• **WHAT IS REQUIRED**
Restate word for word the lines below from the one that has "Subsystem/1(Measured State (X_aa))" through the one that has "Gain38 : Gain", keeping both and dropping all pictures.

• **SOURCE DATA**
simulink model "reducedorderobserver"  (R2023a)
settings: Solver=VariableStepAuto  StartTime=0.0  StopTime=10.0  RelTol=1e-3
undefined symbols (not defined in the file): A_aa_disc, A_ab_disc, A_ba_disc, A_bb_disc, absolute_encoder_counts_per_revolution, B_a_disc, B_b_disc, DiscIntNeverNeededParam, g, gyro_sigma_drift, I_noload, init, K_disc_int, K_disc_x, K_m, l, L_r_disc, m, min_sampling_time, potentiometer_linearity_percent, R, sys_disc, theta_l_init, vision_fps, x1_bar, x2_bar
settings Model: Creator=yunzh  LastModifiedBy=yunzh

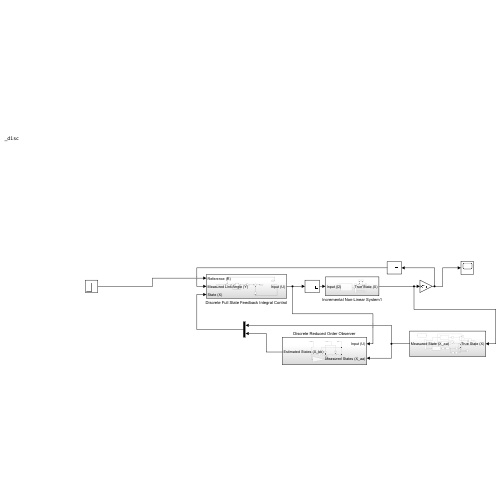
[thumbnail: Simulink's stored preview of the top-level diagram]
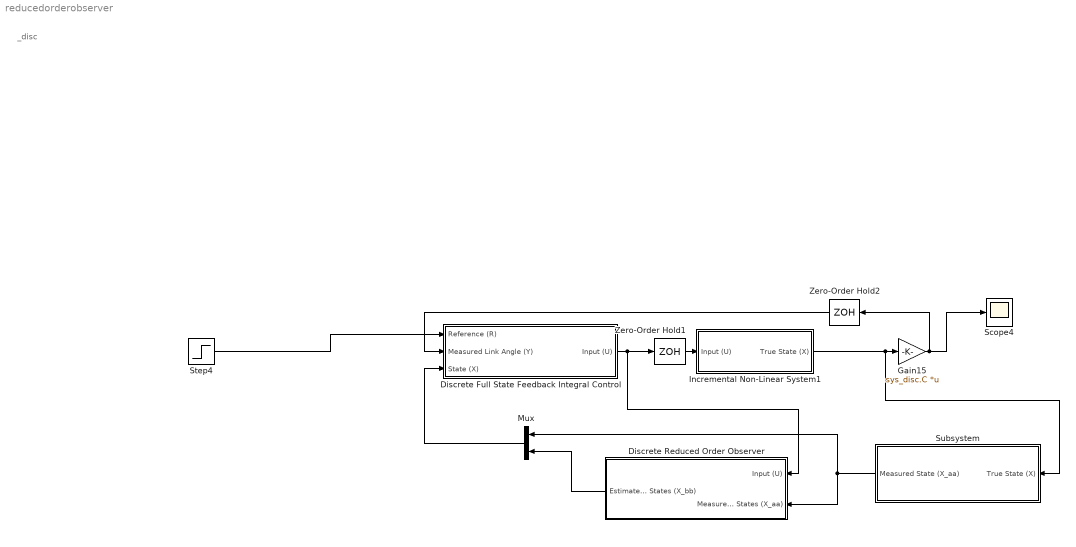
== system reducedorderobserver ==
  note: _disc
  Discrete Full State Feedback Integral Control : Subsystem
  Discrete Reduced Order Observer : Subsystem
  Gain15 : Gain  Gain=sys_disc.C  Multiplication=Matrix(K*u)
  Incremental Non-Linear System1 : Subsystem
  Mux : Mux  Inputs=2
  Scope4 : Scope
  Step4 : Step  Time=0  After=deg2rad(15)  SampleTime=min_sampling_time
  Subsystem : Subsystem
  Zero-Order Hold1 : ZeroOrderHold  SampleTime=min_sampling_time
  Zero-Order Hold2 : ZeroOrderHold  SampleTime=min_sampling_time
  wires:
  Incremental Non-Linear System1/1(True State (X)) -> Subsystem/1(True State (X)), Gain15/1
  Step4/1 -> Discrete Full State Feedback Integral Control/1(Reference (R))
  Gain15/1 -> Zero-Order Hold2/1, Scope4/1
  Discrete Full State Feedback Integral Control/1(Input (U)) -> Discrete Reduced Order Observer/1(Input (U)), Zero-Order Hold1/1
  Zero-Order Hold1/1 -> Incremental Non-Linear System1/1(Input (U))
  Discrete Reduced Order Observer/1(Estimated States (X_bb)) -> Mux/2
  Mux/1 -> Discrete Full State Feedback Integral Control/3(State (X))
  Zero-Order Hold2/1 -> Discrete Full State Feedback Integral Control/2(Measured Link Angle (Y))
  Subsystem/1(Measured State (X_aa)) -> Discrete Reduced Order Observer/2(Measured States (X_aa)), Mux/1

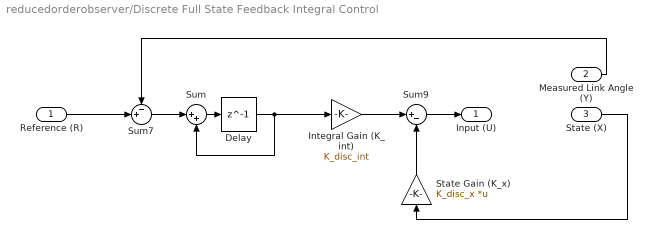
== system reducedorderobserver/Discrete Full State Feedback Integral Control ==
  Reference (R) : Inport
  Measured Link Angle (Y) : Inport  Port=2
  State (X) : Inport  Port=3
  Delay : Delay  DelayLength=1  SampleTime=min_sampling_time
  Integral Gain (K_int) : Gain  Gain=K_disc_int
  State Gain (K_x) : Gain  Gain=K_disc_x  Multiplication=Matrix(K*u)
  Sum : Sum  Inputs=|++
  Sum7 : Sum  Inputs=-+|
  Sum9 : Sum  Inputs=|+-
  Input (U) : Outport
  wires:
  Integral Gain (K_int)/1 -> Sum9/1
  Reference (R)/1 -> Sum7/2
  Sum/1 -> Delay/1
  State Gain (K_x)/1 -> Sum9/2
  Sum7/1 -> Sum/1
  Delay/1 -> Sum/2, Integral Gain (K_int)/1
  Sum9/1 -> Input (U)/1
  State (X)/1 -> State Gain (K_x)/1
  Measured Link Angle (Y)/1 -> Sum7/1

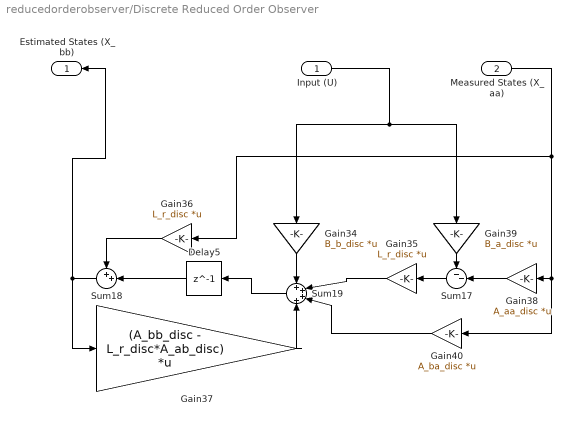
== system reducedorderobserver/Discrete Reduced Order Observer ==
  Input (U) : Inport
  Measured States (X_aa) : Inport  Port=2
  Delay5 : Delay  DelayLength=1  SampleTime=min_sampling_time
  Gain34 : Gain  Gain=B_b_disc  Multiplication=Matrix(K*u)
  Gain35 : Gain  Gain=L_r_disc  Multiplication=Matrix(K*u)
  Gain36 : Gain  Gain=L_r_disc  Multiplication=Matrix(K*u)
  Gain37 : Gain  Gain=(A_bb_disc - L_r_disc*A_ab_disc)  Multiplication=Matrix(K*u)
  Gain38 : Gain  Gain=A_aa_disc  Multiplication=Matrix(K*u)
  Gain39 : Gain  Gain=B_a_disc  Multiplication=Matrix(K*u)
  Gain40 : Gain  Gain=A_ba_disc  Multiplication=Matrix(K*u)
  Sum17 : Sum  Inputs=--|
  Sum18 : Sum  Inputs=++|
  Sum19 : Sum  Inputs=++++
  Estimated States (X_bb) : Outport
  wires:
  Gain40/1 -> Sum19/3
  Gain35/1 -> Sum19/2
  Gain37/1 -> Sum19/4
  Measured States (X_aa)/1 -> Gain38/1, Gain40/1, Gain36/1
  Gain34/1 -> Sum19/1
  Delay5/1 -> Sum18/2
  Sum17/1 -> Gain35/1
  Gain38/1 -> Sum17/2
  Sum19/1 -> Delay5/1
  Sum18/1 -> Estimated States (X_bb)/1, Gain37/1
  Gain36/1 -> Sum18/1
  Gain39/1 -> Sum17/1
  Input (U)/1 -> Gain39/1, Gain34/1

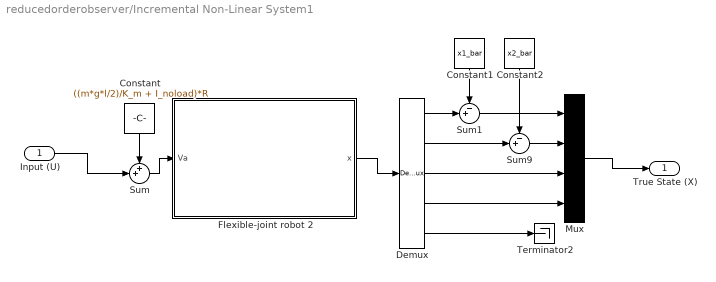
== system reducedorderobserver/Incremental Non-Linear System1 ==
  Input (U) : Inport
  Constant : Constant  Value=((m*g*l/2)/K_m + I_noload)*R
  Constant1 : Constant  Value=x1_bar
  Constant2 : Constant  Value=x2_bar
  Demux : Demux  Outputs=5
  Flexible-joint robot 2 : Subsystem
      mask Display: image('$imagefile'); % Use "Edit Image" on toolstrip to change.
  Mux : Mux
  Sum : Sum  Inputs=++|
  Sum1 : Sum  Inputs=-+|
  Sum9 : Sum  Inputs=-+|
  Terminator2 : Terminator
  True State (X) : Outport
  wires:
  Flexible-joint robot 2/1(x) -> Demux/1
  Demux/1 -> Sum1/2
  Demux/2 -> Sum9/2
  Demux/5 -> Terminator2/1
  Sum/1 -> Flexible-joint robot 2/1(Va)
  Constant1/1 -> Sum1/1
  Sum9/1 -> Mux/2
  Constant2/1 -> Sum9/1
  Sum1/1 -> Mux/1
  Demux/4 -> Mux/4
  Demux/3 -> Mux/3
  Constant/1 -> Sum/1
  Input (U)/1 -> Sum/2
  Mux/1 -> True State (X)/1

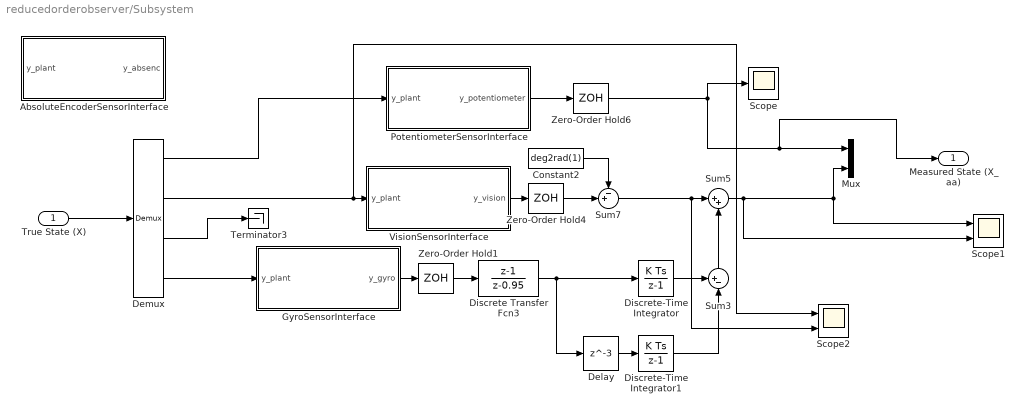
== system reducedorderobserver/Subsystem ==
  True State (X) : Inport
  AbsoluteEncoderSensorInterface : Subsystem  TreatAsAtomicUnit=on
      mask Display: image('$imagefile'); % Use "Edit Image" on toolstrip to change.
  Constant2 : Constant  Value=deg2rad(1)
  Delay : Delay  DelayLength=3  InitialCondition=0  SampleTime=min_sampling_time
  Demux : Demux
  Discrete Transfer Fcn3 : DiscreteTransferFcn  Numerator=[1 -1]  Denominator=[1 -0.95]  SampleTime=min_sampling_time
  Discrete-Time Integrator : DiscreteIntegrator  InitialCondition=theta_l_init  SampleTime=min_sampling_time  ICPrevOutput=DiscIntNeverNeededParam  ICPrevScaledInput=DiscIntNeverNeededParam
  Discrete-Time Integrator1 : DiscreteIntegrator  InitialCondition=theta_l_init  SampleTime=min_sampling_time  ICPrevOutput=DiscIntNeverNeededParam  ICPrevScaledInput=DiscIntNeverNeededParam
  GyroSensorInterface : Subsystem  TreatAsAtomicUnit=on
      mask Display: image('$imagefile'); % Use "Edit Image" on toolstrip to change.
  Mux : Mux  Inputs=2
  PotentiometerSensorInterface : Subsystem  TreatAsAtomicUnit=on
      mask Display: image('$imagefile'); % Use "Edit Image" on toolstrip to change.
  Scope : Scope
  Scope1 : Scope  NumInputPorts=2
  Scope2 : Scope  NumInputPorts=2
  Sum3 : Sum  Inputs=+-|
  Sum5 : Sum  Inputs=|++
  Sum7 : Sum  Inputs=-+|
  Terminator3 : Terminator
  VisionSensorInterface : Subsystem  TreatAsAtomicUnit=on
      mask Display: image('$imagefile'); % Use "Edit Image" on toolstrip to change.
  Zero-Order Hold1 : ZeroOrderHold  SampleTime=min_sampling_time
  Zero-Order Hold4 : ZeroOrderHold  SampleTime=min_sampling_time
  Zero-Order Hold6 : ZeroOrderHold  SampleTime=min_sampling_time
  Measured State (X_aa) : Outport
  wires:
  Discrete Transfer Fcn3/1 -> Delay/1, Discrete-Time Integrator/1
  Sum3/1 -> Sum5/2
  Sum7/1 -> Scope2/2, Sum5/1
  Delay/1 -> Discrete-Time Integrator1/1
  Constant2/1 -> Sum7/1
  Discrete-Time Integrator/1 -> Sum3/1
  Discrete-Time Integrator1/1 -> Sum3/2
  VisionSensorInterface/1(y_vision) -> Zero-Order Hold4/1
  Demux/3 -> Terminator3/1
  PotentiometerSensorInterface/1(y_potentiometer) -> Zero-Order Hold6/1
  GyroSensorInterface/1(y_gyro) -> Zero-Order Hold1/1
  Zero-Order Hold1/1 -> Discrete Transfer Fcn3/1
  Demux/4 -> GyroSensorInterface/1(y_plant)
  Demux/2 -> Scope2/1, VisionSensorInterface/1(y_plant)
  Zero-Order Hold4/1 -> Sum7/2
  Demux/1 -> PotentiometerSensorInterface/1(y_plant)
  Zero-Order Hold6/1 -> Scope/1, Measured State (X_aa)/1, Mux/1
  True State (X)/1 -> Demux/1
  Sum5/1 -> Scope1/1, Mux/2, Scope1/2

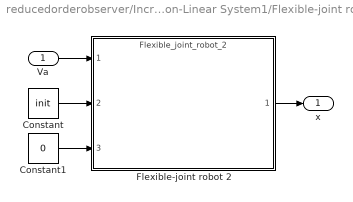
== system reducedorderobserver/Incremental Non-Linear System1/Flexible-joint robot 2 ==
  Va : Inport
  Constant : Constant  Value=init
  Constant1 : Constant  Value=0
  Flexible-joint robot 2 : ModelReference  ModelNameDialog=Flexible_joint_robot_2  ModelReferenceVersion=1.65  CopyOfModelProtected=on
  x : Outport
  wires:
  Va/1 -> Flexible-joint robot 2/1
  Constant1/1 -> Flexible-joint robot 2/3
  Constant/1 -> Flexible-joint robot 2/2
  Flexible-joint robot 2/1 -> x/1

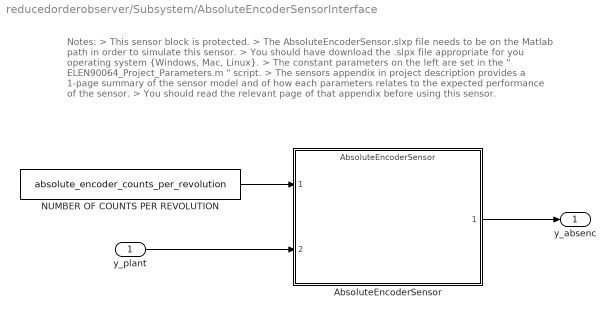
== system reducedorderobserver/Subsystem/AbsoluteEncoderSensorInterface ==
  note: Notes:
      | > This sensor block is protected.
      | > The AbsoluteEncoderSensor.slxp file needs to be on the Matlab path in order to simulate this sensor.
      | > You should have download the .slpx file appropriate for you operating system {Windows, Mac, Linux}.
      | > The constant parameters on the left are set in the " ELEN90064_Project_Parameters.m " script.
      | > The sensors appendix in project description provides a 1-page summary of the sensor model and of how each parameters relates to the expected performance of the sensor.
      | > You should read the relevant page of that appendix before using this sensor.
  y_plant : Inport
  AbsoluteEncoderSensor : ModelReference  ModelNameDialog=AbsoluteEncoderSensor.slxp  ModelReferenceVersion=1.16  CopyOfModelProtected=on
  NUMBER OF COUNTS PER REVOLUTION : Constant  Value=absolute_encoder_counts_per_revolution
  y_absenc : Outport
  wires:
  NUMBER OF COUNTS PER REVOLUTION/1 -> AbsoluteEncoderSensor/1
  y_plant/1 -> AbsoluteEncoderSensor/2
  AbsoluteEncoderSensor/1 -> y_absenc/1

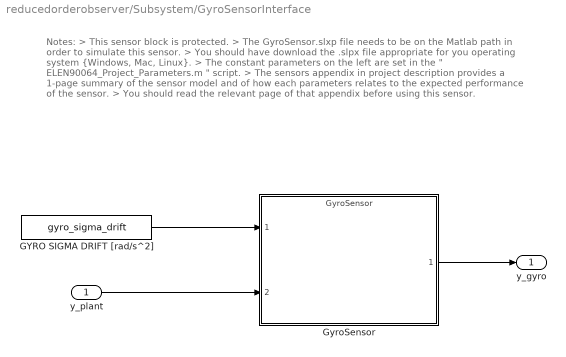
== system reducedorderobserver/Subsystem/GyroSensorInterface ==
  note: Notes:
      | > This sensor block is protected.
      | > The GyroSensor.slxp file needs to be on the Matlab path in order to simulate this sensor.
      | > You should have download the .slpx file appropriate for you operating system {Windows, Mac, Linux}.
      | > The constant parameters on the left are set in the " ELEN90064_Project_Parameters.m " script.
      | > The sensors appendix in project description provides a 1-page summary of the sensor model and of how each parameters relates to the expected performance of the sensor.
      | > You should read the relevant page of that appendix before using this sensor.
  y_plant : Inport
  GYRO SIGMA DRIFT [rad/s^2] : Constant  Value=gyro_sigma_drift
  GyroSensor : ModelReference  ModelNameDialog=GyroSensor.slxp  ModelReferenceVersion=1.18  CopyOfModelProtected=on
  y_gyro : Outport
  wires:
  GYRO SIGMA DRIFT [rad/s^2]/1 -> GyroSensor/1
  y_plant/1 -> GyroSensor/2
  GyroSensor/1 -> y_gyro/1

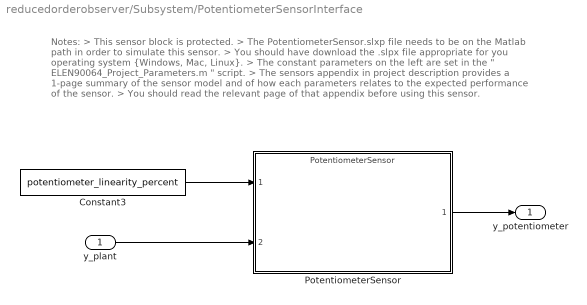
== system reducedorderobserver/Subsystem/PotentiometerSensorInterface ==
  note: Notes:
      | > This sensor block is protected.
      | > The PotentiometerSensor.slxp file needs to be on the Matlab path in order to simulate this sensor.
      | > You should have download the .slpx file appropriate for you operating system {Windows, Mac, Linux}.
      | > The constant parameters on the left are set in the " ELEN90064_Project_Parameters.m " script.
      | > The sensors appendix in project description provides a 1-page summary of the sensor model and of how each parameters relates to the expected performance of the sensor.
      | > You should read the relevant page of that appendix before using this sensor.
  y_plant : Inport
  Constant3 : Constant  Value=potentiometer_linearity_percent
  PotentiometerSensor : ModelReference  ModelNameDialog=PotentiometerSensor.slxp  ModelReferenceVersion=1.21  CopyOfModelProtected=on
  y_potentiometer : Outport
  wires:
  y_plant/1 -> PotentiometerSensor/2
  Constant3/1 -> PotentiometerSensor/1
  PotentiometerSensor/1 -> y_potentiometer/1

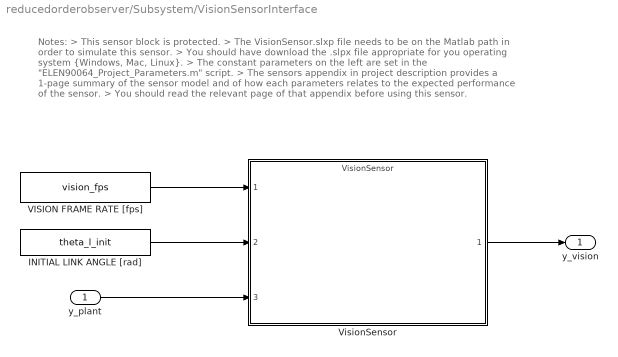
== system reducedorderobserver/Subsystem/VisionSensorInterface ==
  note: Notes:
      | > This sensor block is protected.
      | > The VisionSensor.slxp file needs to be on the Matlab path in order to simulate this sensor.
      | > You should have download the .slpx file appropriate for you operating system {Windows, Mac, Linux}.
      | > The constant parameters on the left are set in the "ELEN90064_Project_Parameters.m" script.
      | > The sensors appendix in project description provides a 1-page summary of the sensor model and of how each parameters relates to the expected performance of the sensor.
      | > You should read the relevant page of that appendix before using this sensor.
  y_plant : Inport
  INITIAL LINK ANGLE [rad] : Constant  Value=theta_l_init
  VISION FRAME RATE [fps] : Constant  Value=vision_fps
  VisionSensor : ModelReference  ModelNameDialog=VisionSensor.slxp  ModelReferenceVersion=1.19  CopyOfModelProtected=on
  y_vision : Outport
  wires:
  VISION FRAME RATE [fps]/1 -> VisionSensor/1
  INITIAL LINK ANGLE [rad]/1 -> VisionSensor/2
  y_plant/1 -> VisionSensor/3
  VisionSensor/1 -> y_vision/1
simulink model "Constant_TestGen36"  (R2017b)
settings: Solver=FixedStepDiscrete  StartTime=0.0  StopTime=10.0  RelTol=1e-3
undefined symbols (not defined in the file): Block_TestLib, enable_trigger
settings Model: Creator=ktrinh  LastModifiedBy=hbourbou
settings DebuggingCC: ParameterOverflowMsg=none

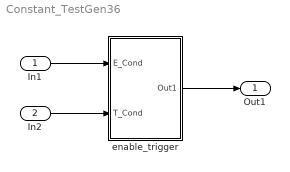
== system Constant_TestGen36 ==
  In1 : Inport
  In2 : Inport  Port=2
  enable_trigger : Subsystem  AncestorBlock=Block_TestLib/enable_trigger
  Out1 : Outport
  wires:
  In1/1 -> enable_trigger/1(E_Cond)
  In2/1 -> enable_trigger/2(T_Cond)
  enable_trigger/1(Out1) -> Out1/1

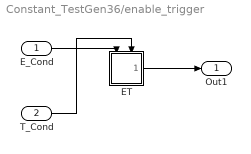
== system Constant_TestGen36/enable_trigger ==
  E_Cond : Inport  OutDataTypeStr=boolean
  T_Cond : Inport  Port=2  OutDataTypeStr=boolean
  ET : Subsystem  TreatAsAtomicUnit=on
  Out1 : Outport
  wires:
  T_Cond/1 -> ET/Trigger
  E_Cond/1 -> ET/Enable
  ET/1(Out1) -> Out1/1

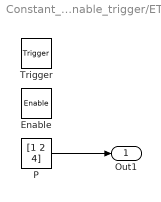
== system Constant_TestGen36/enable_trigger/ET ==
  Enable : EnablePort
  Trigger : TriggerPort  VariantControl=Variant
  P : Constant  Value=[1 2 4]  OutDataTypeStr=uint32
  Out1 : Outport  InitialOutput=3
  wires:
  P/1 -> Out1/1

• **SOLUTION TO THIS PROBLEM**
  Subsystem/1(Measured State (X_aa)) -> Discrete Reduced Order Observer/2(Measured States (X_aa)), Mux/1

== system reducedorderobserver/Discrete Full State Feedback Integral Control ==
  Reference (R) : Inport
  Measured Link Angle (Y) : Inport  Port=2
  State (X) : Inport  Port=3
  Delay : Delay  DelayLength=1  SampleTime=min_sampling_time
  Integral Gain (K_int) : Gain  Gain=K_disc_int
  State Gain (K_x) : Gain  Gain=K_disc_x  Multiplication=Matrix(K*u)
  Sum : Sum  Inputs=|++
  Sum7 : Sum  Inputs=-+|
  Sum9 : Sum  Inputs=|+-
  Input (U) : Outport
  wires:
  Integral Gain (K_int)/1 -> Sum9/1
  Reference (R)/1 -> Sum7/2
  Sum/1 -> Delay/1
  State Gain (K_x)/1 -> Sum9/2
  Sum7/1 -> Sum/1
  Delay/1 -> Sum/2, Integral Gain (K_int)/1
  Sum9/1 -> Input (U)/1
  State (X)/1 -> State Gain (K_x)/1
  Measured Link Angle (Y)/1 -> Sum7/1

== system reducedorderobserver/Discrete Reduced Order Observer ==
  Input (U) : Inport
  Measured States (X_aa) : Inport  Port=2
  Delay5 : Delay  DelayLength=1  SampleTime=min_sampling_time
  Gain34 : Gain  Gain=B_b_disc  Multiplication=Matrix(K*u)
  Gain35 : Gain  Gain=L_r_disc  Multiplication=Matrix(K*u)
  Gain36 : Gain  Gain=L_r_disc  Multiplication=Matrix(K*u)
  Gain37 : Gain  Gain=(A_bb_disc - L_r_disc*A_ab_disc)  Multiplication=Matrix(K*u)
  Gain38 : Gain  Gain=A_aa_disc  Multiplication=Matrix(K*u)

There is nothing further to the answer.